In total, ten writers will be selected for commissioned works. The next three selected writers and the schedule for their text to appear are as follows: Sarah Williams-Devereux, June 2022-June 2023; Joy Katz, June 2023-June 2024; and Karen Dietrich, June 2024-June 2025. A call for artists to select the final three writers will be issued in the future.

About the Bridging the Art Project
The Westmoreland Museum of American Art and the City of Greensburg have partnered on Bridging the Gap, a public art project to revitalize the North Main Street bridge that connects The Westmoreland to downtown Greensburg. Working with Pittsburgh’s Office of Public Art, an Artist Selection Panel, which was comprised of local residents, Museum staff, representatives of the City and PennDOT, considered dozens of artists for the commission. In the end, Janet Zweig was selected to design and create the public art project. Zweig has been working in the public art realm for over 23 years. Located in Brooklyn, New York, she has designed public art installations for the City of Milwaukee, St. Louis, Kansas City and New York. Locally, she has successfully collaborated with LaQuatra Bonci Associates Landscape Architecture to build a memorial in the lawn of Pittsburgh’s Mellon Park.

Ms. Zweig’s installation, Analog Scroll, utilizes both the east and west sides of the North Main Street bridge. When complete, a three-dimensional text extends the length of both sides of the bridge.
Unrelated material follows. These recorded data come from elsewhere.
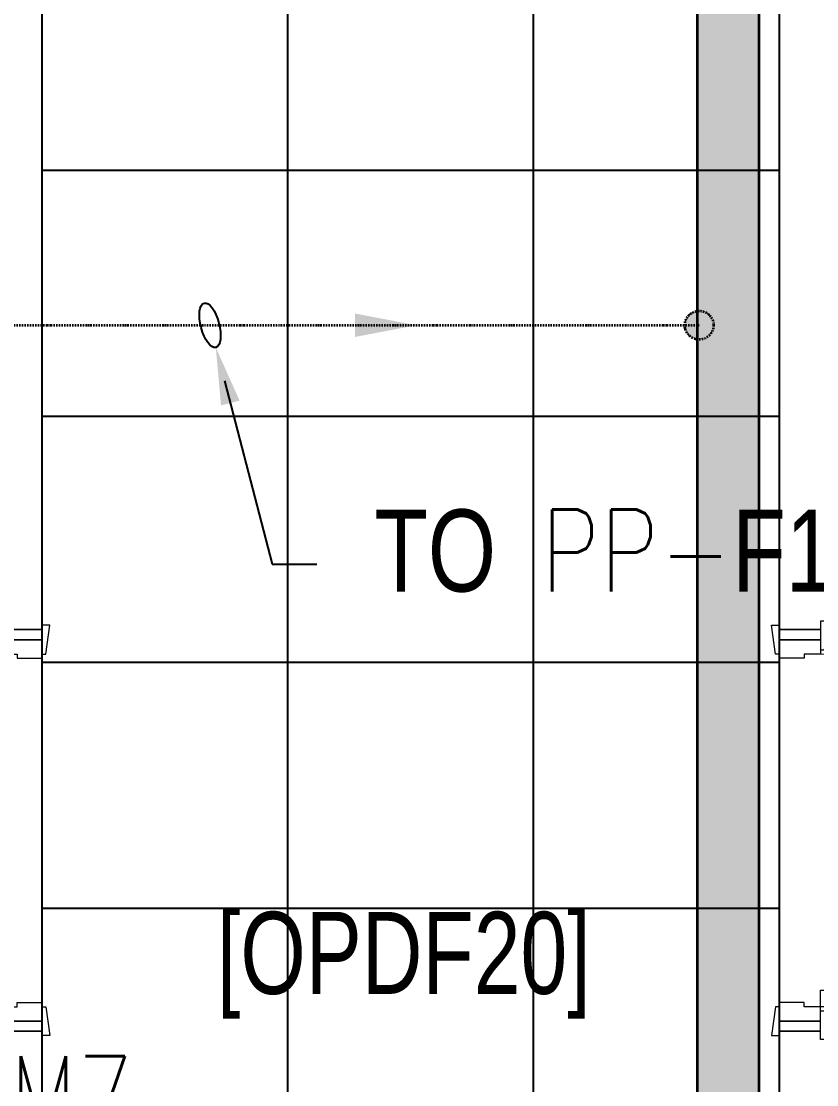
# Model space of a CAD drawing. Extents: x -178977 to 231842, y -29287 to 19916.
# Drawn here: x 23926 to 25867, y -6840 to -4247 of the extents above; entities that cross this region are included whole.
import ezdxf
from ezdxf import colors
from ezdxf.entities.mleader import LeaderData, LeaderLine
from ezdxf.math import Vec2, Vec3

# ---------------------------------------------------------------- set-up
doc = ezdxf.new("R2010")
doc.units = 0
doc.header["$LTSCALE"] = 0.25
doc.linetypes.add('DASHDOT', pattern=[25.4, 12.7, -6.35, 0, -6.35])
doc.linetypes.add('HIDDEN', pattern=[9.525, 6.35, -3.175])
for name, color, linetype, lineweight in [('01-First Floor-FUR$0$72_EGR_BASE_TEXT', 252, 'Continuous', 5), ('01-First Floor-FUR$0$Walls', 251, 'Continuous', 5), ('01-First Floor-FUR$0$Wooden Joinery', 251, 'Continuous', 5), ('E-LITE-CIRC', 6, 'Continuous', 25), ('E-LITE-CLNG-CNDT', 6, 'DASHDOT', 35), ('E-POWR-CLNG-CNDT', 6, 'DASHDOT', 35), ('E-POWR-FLOR-CNDT @ 100', 6, 'HIDDEN', 25), ('T-CABL-TRAY', 60, 'Continuous', 35)]:
    doc.layers.add(name, color=color, linetype=linetype, lineweight=lineweight)
doc.layers.add('01-First Floor-FUR$0$FALSE CEILING', color=251, linetype='Continuous')
doc.styles.add('01-First Floor-FUR$0$X3G_ENTITY_9F38', font='swisscl.ttf', dxfattribs={"height": 0.2})
doc.styles.add('DC_SIMPLEX', font='SIMPLEX.shx', dxfattribs={"width": 0.7})

# ---------------------------------------------------------------- blocks, each defined once
blk = doc.blocks.new('01-First Floor-FUR$0$A$C72370EFE')
at = {"layer": '01-First Floor-FUR$0$Wooden Joinery'}
for p, q in [((-0.01, -0.04), (-0.02, -0.04)), ((-0.01, -0.03), (-0.01, -0.07)), ((0, -0.03), (-0.01, -0.03)), ((0.04, -0.03), (0.05, -0.03)), ((0.05, -0.03), (0.05, -0.07)), ((0.05, -0.04), (0.06, -0.04)), ((-0.05, -0.07), (-0.05, -0.16)), ((-0.03, -0.07), (-0.03, -0.16)), ((-0.01, -0.06), (-0.02, -0.06)), ((0, -0.07), (-0.01, -0.07)), ((0.04, -0.07), (0.05, -0.07)), ((0.05, -0.06), (0.06, -0.06)), ((0.07, -0.07), (0.07, -0.16)), ((0.09, -0.07), (0.09, -0.16)), ((-0.01, -0.17), (-0.02, -0.17)), ((-0.01, -0.17), (-0.01, -0.19)), ((0.05, -0.17), (0.06, -0.17)), ((0.05, -0.17), (0.05, -0.19)), ((-0.01, -0.19), (-0.02, -0.19)), ((0.05, -0.19), (0.06, -0.19))]:
    blk.add_line(p, q, dxfattribs=at)
for centre, radius, start, end in [((-0.02, -0.07), 0.03, 90, 180), ((0.06, -0.07), 0.03, 0, 90), ((-0.02, -0.07), 0.01, 90, 180), ((0.06, -0.07), 0.01, 0, 90), ((-0.02, -0.16), 0.03, 180, 270), ((-0.02, -0.16), 0.01, 180, 270), ((0.06, -0.16), 0.01, 270, 0), ((0.06, -0.16), 0.03, 270, 0)]:
    blk.add_arc(centre, radius, start, end, dxfattribs=at)
blk = doc.blocks.new('01-First Floor-FUR$0$A$C5DAD61B4')
at = {"layer": '01-First Floor-FUR$0$Wooden Joinery'}
for points in [[(80, 959.1), (80, 969.1), (10, 979.1), (10, 959.1)], [(940, 959.1), (940, 969.1), (1010, 979.1), (1010, 959.1)], [(70, 859.1), (70, 849.1), (0, 839.1), (0, 859.1)], [(120, 859.1), (120, 0), (80, 0), (80, 859.1)], [(950, 859.1), (950, 849.1), (1020, 839.1), (1020, 859.1)]]:
    blk.add_lwpolyline(points, close=True, dxfattribs=at)
for points in [[(45, 859.1), (45, 959.1), (20, 959.1), (20, 859.1), (45, 859.1)], [(45, 859.1), (80, 859.1), (80, 899.1), (90, 899.1), (90, 959.1), (45, 959.1), (45, 859.1)], [(975, 859.1), (940, 859.1), (940, 899.1), (930, 899.1), (930, 959.1), (975, 959.1), (975, 859.1)], [(975, 859.1), (975, 959.1), (1000, 959.1), (1000, 859.1), (975, 859.1)]]:
    blk.add_lwpolyline(points, dxfattribs=at)
blk.add_arc((80, 859.1), 860, 272.666, 0, dxfattribs=at)
at = {"layer": '01-First Floor-FUR$0$Wooden Joinery', "xscale": 999.9999999998854, "yscale": 999.9999999998854, "zscale": 999.9999999998854, "rotation": 180}
blk.add_blockref('01-First Floor-FUR$0$A$C72370EFE', (120, 0), dxfattribs=at)
blk = doc.blocks.new('01-First Floor-FUR')
at = {"layer": '01-First Floor-FUR$0$FALSE CEILING', "linetype": 'Continuous'}
for p, q in [((24576, -12830), (24576, -2710)), ((25176, -12830), (25176, -2710)), ((23976, -4610), (25776, -4610)), ((23976, -5210), (25776, -5210)), ((23976, -5810), (25776, -5810)), ((23976, -6410), (25776, -6410))]:
    blk.add_line(p, q, dxfattribs=at)
at = {"layer": '01-First Floor-FUR$0$FALSE CEILING'}
blk.add_lwpolyline([(23976, -12830), (25776, -12830), (25776, -2710), (23976, -2710)], close=True, dxfattribs=at)
at = {"layer": '01-First Floor-FUR$0$Walls'}
for p, q in [((25776, -2710), (25776, -5730)), ((23976, -3370.4), (23976, -5730)), ((23876, -5730), (23976, -5730)), ((25876, -5730), (25776, -5730)), ((23876, -6710), (23976, -6710)), ((23976, -6710), (23976, -8930)), ((25776, -6710), (25776, -8930)), ((25876, -6710), (25776, -6710))]:
    blk.add_line(p, q, dxfattribs=at)
at = {"layer": '01-First Floor-FUR$0$Wooden Joinery', "xscale": -1, "rotation": 270}
blk.add_blockref('01-First Floor-FUR$0$A$C5DAD61B4', (23016.9, -6730), dxfattribs=at)
at = {"layer": '01-First Floor-FUR$0$Wooden Joinery', "rotation": 90.00000000000001}
blk.add_blockref('01-First Floor-FUR$0$A$C5DAD61B4', (26735.1, -6730), dxfattribs=at)
at = {"layer": '01-First Floor-FUR$0$72_EGR_BASE_TEXT', "insert": (24859.3, -6418.8, -0.1), "char_height": 200, "attachment_point": 2, "style": '01-First Floor-FUR$0$X3G_ENTITY_9F38'}
blk.add_mtext('[OPDF20]', dxfattribs=at)
blk = doc.blocks.new('ARR0W')
at = {"color": 45}
blk.add_ellipse((0, 0), major_axis=(0.4, 0), ratio=0.4, dxfattribs=at)
at = {"color": 45, "ltscale": 0.5}
blk.add_solid([(-1.4, 0.167), (-0.4, 0), (-1.4, -0.167)], dxfattribs=at)
blk = doc.blocks.new('*U96')
blk.add_hatch(color=256).paths.add_polyline_path([(0, -0.287), (1.5, 0), (0, 0.287)])
blk = doc.blocks.new('*U220')
at = {"lineweight": 0}
h = blk.add_hatch(dxfattribs=at)
h.set_pattern_fill('HEX', color=253, scale=8, angle=180, style=0)
h.set_pattern_definition([(180, (-23193.732, -3e-10), (6e-13, -43.99409), [25.4, -50.8]), (300, (-23193.732, -3e-10), (38.1, 21.997045), [25.4, -50.8]), (240, (-23219.132, -3e-10), (38.1, -21.997045), [25.4, -50.8])])
h.paths.add_polyline_path([(-11021.9, 150), (-11021.9, 0), (0, 0), (0, 150)])
at = {"color": 0}
for p, q in [((0, 150), (-11021.9, 150)), ((0, 0), (-11021.9, 0))]:
    blk.add_line(p, q, dxfattribs=at)

msp = doc.modelspace()

# ---------------------------------------------------------------- hatches: boundary and pattern name
at = {"layer": 'E-POWR-CLNG-CNDT'}
h = msp.add_hatch(color=256, dxfattribs=at)
h.dxf.hatch_style = 1
h.paths.add_polyline_path([(25545, -4988.3, 1), (25615, -4988.3, 1)])

# ---------------------------------------------------------------- linework, layer by layer
at = {"layer": 'E-POWR-CLNG-CNDT', "elevation": -0.1}
msp.add_lwpolyline([(23876, -4988.3), (25580, -4988.3)], dxfattribs=at)
at = {"layer": 'E-POWR-CLNG-CNDT'}
msp.add_circle((25580, -4988.3), 35, dxfattribs=at)

# ---------------------------------------------------------------- block references
at = {"layer": 'E-LITE-CLNG-CNDT'}
msp.add_blockref('01-First Floor-FUR', (0, 0), dxfattribs=at)
at = {"layer": 'E-POWR-FLOR-CNDT @ 100', "xscale": 100, "yscale": 100, "zscale": 100}
msp.add_blockref('*U96', (24739.9, -4988.3, -0.1), dxfattribs=at)
at = {"layer": 'T-CABL-TRAY', "linetype": 'Continuous', "rotation": 270}
msp.add_blockref('*U220', (25576, -12356.9), dxfattribs=at)

# ---------------------------------------------------------------- leaders
at = {"layer": 'E-LITE-CIRC'}
ml = msp.add_multileader_mtext('Standard', dxfattribs=at)
ml.set_content('{\\Fdc_el_romans|c0;\\W0.8;TO\\Fromans|c0; \\Fsimplex|c0;PP-\\Fdc_el_romans|c0;F1\\Fsimplex|c0;/M23}', color=256, style='DC_SIMPLEX')
ml.set_leader_properties()
ml.set_arrow_properties(name='ARR0W')
ml.build(insert=Vec2(0, 0))
ml.multileader.update_dxf_attribs({"dogleg_length": 200, "arrow_head_size": 140, "scale": 100})
ctx = ml.context
ctx.base_point, ctx.scale, ctx.char_height, ctx.arrow_head_size, ctx.landing_gap_size, ctx.plane_origin, ctx.plane_x_axis, ctx.plane_y_axis = Vec3(24647.3, -5570.9, -0.1), 100, 200, 140, 140, Vec3(36219.6, -11343.8, -0.1), Vec3(1, 0.000001, 0), Vec3(-0.000001, 1, 0)
notes = []
notes.append((ctx, [(0, (1, 1, 0), (24538.5, -5570.9, -0.1), (1, 0.000001, 0), 108.8, [(0, [(24386.5, -4988.3, -0.1)], 0, [])])]))
ctx.mtext.insert, ctx.mtext.text_direction, ctx.mtext.rotation, ctx.mtext.flow_direction = Vec3(24787.3, -5437.6, -0.1), Vec3(1, 0.000001, 0), 0.000001, 5
ml = msp.add_multileader_mtext('Standard', dxfattribs=at)
ml.set_content('{\\Fdc_el_romans|c0;\\W0.8;TO\\Fromans|c0; \\Fsimplex|c0;PP-F1/M7}', color=256, style='DC_SIMPLEX')
ml.set_leader_properties()
ml.set_arrow_properties(name='ARR0W')
ml.build(insert=Vec2(0, 0))
ml.multileader.update_dxf_attribs({"dogleg_length": 200, "arrow_head_size": 140, "scale": 100})
ctx = ml.context
ctx.base_point, ctx.scale, ctx.char_height, ctx.arrow_head_size, ctx.landing_gap_size, ctx.plane_origin, ctx.plane_x_axis, ctx.plane_y_axis = Vec3(22360, -6903.7, 14.8), 100, 200, 140, 140, Vec3(31423.9, 1907.1, 14.8), Vec3(1, -0.000001, 0), Vec3(0.000001, 1, 0)
ctx.text_align_type = 2
notes.append((ctx, [(1, (1, 1, 0), (24447.8, -6903.7, 14.8), (-1, 0.000001, 0), 108.8, [(0, [(24666.8, -7488.4, 14.8)], 0, [])])]))
ctx.mtext.insert, ctx.mtext.text_direction, ctx.mtext.rotation, ctx.mtext.alignment, ctx.mtext.flow_direction = Vec3(24199, -6770.4, 14.8), Vec3(1, -0.000001, 0), 6.283185, 3, 5
for ctx, leaders in notes:
    for number, flags, end, landing, length, lines in leaders:
        leader = LeaderData()
        leader.index, (leader.has_last_leader_line, leader.has_dogleg_vector, leader.attachment_direction) = number, flags
        leader.last_leader_point, leader.dogleg_vector, leader.dogleg_length = Vec3(end), Vec3(landing), length
        for number, points, colour, breaks in lines:
            line = LeaderLine()
            line.index, line.vertices, line.color, line.breaks = number, Vec3.list(points), colors.encode_raw_color(colour), breaks
            leader.lines.append(line)
        ctx.leaders.append(leader)

doc.saveas('drawing.dxf')

The Museum will continue to commission writers from the western Pennsylvania area to produce poems or prose of a specific length for display on the bridge. As residents and visitors drive or walk across the bridge, they can read an installment of the text, making it an especially appealing site for repeat visits and inspiring curiosity of what will come next. The full text with author credits will be available on the Museum’s website. In 2018, Janet Zweig’s Analog Scroll was recognized by the Public Art Network (PAN) Advisory Council in their 2018 PAN Year in Review Trends and Themes: Site Responsive Projects.

Funding for the project was provided in part from a National Endowment for the Arts Our Town grant program award, The Heinz Endowments, Westmoreland County Tourism Grant Program, Community Foundation of Westmoreland County/Revitalizing Westmoreland, Rivers of Steel National Heritage Area, Carol R. Brown, The Tomahawk Hill Foundation and supporters of an Indiegogo campaign hosted by the Museum. Throughout the project, technical support has been provided by the Office of Public Art, Pittsburgh.